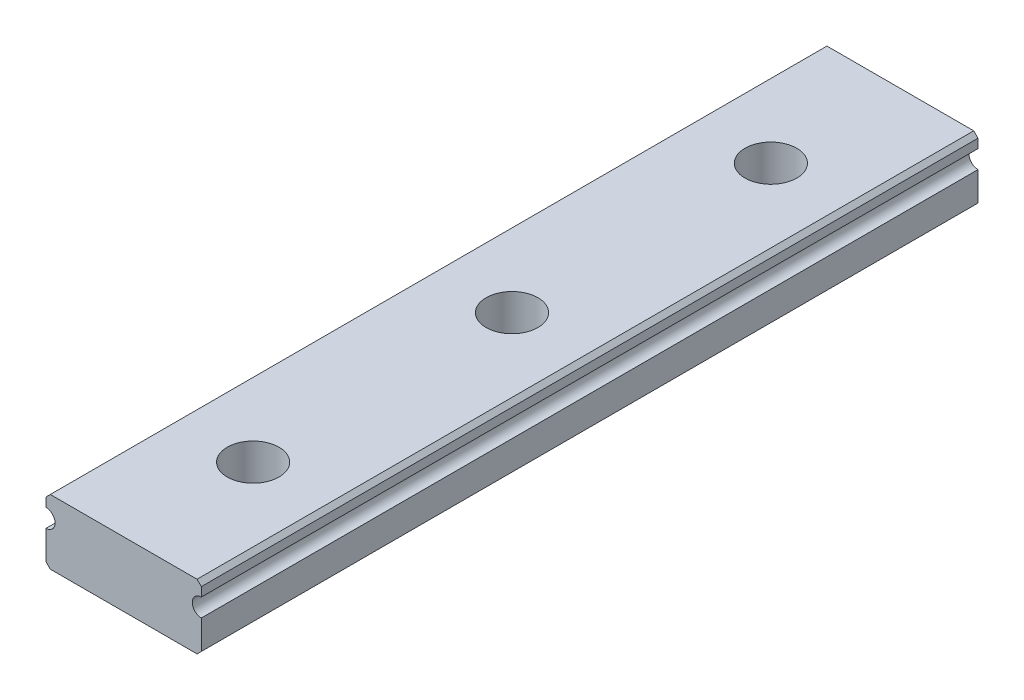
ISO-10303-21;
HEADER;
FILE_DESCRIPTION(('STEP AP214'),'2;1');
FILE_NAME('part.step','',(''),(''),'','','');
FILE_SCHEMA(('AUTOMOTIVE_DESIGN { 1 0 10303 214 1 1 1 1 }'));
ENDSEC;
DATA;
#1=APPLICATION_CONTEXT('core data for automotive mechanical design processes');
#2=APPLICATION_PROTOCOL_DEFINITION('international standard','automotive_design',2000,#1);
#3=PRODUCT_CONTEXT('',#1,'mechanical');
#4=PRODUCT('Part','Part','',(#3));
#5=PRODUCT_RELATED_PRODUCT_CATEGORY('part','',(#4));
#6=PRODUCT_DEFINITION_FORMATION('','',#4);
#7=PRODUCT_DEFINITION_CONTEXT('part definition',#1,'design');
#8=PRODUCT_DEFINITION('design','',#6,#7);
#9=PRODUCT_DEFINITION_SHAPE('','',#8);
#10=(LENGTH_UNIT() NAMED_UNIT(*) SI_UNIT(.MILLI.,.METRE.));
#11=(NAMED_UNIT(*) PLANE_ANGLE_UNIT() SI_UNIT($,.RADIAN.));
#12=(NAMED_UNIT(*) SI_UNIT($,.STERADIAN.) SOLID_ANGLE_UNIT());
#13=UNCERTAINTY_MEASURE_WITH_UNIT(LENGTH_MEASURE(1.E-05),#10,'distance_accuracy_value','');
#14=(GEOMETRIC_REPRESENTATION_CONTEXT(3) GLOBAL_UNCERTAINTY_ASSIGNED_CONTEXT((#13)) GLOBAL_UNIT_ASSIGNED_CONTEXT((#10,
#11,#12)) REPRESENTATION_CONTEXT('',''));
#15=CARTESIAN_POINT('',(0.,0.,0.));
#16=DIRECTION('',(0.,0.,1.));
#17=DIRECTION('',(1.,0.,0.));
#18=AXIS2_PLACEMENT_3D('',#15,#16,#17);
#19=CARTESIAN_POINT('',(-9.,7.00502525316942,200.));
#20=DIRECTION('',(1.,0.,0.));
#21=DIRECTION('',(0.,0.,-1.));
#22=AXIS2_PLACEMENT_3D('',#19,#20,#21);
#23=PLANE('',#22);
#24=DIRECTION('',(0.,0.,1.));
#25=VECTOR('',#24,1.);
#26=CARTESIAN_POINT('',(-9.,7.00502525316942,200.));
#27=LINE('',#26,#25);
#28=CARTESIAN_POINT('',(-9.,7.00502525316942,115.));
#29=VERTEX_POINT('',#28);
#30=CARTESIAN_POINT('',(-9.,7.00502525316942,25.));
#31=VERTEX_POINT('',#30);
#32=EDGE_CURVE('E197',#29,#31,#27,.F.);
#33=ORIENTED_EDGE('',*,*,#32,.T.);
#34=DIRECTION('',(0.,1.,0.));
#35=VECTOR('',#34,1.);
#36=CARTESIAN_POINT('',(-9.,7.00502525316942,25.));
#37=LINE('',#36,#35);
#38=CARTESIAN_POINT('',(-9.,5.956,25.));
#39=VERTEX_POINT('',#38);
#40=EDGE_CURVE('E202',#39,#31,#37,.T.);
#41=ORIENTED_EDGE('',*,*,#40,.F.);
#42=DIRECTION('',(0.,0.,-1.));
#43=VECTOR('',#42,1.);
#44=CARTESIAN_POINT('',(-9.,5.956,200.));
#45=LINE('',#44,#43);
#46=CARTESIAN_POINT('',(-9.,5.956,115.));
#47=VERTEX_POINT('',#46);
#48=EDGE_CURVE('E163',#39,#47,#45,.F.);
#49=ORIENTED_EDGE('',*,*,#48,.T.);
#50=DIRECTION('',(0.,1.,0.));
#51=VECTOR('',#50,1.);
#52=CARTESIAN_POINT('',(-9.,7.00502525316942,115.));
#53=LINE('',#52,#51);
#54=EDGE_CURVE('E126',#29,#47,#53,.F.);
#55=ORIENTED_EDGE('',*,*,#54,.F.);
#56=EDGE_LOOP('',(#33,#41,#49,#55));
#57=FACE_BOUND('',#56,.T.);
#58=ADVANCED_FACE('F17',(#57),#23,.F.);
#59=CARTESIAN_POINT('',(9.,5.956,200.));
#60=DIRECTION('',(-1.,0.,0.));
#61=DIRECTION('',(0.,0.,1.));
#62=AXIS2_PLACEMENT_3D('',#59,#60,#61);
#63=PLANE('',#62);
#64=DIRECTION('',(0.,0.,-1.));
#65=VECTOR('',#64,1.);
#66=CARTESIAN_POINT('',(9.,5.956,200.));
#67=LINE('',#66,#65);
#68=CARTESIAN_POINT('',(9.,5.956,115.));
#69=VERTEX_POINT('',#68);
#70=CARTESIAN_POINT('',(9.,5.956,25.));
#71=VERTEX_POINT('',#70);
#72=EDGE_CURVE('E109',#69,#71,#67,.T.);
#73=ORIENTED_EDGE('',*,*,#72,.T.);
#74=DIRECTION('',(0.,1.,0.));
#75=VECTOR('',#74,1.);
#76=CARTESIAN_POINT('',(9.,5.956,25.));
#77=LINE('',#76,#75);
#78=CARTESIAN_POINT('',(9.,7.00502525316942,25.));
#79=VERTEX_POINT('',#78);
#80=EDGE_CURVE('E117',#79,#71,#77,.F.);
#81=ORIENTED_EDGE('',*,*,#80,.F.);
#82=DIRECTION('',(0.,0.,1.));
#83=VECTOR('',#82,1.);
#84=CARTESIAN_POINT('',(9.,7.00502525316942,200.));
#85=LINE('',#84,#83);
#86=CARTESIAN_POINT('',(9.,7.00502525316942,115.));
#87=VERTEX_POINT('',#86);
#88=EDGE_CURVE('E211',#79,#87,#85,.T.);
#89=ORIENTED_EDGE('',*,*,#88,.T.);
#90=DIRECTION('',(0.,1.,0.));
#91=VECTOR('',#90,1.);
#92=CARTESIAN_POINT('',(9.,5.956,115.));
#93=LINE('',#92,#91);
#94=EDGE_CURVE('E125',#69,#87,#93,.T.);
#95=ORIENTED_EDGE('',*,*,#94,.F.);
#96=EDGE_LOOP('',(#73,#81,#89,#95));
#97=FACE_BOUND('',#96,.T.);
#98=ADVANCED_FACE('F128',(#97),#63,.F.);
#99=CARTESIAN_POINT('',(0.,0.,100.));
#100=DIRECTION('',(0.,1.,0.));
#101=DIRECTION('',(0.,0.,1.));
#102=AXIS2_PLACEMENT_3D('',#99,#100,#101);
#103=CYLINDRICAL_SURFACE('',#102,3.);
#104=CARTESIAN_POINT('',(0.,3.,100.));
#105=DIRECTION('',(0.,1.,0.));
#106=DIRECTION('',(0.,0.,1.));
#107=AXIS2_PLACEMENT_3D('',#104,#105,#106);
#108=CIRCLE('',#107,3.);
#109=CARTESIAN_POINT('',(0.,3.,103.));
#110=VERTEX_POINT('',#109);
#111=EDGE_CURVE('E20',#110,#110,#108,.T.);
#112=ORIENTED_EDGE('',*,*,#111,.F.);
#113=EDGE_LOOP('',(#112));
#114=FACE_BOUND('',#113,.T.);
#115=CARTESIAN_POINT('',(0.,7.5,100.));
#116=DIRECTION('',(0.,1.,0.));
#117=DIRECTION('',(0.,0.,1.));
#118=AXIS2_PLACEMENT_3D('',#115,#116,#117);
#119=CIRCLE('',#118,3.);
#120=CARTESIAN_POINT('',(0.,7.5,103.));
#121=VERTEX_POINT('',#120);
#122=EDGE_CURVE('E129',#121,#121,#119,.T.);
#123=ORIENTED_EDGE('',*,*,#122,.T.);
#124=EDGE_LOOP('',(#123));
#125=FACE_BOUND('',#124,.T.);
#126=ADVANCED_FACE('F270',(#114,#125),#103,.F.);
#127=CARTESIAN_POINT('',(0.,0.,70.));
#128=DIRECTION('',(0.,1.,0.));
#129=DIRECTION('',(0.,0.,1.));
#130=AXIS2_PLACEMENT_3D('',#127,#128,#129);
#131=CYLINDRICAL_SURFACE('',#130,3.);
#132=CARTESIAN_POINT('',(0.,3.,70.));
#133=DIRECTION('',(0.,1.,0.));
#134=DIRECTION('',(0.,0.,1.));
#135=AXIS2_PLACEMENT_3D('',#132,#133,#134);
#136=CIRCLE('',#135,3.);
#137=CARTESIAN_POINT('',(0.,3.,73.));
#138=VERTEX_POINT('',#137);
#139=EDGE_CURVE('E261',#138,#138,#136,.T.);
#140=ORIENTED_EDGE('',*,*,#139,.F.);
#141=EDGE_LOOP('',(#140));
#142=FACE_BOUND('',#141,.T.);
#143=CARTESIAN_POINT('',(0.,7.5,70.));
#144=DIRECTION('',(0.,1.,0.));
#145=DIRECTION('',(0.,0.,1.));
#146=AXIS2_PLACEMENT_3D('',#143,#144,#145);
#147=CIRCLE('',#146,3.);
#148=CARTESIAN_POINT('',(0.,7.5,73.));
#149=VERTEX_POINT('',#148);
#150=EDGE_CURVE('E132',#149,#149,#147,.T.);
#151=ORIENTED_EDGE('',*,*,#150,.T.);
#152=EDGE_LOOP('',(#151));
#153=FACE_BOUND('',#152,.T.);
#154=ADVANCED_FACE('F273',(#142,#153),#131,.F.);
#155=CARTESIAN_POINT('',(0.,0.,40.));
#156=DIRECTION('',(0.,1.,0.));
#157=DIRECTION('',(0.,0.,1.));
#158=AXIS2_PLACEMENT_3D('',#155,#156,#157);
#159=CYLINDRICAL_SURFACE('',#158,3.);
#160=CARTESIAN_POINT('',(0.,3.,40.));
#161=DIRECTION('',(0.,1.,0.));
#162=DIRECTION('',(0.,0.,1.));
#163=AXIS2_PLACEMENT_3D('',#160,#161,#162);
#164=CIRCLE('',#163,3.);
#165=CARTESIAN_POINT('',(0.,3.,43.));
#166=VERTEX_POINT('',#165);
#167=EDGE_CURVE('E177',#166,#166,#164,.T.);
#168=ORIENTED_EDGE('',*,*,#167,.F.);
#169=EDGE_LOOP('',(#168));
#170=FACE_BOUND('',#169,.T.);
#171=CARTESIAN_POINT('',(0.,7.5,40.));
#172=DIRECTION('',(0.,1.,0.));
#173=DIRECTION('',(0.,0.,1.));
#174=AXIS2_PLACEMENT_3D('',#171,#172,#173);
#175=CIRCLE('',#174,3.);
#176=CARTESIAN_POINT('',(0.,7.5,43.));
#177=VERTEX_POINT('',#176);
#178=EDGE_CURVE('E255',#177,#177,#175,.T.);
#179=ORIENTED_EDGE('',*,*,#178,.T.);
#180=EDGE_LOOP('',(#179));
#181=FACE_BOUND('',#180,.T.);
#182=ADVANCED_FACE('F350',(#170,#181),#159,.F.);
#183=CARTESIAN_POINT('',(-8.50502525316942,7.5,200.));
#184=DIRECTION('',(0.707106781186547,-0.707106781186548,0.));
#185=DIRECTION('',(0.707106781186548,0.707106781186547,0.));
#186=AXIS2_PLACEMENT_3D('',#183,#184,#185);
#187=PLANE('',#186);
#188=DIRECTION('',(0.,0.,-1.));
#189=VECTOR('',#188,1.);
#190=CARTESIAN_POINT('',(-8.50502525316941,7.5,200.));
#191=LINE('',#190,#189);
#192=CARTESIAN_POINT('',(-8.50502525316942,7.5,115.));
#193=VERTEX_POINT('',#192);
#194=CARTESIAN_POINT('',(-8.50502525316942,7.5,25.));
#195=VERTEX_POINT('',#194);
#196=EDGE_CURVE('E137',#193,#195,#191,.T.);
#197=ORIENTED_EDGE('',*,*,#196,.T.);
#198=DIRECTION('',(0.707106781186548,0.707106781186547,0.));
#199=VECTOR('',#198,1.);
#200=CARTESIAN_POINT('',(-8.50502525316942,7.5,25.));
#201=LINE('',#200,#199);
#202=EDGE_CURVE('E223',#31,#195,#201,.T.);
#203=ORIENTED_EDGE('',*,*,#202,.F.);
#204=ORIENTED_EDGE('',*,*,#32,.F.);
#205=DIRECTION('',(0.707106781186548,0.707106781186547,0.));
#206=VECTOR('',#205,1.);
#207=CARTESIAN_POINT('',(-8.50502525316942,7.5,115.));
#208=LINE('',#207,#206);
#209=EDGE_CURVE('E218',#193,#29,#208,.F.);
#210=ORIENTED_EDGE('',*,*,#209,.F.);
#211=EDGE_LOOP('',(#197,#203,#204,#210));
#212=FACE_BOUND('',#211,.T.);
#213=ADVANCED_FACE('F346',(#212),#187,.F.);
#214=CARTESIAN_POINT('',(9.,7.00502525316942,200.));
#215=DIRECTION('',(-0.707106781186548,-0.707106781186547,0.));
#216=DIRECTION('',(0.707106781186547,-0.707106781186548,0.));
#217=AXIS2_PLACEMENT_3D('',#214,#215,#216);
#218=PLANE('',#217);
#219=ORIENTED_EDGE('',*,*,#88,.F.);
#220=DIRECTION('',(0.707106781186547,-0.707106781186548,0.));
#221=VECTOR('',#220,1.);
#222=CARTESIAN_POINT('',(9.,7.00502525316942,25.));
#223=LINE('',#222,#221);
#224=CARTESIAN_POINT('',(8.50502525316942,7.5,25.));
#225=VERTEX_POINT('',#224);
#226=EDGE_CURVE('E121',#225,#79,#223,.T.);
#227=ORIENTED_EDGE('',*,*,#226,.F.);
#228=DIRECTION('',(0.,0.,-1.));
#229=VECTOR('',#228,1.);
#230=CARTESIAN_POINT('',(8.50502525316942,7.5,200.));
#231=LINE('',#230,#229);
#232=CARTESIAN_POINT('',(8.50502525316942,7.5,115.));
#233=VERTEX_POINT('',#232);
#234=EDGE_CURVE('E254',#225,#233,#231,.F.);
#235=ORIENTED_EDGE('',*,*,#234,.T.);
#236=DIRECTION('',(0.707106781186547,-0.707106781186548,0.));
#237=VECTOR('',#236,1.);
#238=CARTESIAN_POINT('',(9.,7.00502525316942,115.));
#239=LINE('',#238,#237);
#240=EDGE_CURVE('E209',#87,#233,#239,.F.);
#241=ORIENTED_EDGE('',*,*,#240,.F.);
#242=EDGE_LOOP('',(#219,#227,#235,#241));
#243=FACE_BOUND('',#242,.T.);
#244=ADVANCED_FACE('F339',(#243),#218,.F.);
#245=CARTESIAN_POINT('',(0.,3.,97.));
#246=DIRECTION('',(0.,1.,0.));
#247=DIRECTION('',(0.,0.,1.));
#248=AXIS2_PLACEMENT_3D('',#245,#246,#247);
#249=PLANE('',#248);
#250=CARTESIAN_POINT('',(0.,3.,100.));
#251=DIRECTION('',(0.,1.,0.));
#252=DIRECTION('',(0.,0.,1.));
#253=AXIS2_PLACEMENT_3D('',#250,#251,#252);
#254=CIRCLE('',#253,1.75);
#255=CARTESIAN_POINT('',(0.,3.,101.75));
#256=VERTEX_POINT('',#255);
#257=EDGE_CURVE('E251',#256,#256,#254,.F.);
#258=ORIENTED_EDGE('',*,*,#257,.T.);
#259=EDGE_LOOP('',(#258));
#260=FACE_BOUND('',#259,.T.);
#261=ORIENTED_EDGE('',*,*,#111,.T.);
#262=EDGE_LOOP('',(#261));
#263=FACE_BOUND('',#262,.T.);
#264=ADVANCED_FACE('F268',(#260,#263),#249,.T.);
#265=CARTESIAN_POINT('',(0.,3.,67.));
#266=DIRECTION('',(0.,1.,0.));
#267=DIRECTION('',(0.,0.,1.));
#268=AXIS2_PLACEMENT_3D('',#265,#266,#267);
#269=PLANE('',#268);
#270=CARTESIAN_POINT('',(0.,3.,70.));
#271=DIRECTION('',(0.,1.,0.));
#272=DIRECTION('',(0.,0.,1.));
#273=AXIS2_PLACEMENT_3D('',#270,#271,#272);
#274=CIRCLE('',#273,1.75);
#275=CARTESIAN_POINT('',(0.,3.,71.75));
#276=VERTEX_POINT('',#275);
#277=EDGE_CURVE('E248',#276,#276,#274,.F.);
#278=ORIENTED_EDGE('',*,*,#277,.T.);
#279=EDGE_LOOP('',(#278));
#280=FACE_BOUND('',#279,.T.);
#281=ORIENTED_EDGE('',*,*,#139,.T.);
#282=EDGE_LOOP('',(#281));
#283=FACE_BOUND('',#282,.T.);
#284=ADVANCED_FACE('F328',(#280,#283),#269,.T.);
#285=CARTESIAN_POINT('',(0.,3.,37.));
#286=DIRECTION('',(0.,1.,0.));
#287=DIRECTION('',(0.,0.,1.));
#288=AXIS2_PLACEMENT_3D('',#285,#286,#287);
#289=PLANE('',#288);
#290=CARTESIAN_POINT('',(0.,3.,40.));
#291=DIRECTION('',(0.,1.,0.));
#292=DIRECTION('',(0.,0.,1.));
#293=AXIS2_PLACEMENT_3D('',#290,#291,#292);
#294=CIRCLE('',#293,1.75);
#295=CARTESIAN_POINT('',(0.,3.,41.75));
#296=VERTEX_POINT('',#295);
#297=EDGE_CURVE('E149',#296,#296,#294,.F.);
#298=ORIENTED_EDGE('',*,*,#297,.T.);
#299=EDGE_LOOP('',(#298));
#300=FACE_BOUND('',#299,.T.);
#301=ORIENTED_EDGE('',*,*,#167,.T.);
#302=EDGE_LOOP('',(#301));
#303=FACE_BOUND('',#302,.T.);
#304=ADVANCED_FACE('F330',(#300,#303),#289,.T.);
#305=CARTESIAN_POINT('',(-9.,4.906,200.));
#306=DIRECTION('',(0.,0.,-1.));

Task brief: Say how many lines in the entries include the string "CIRCLE", and write nothing besides that number.

Task answer: 9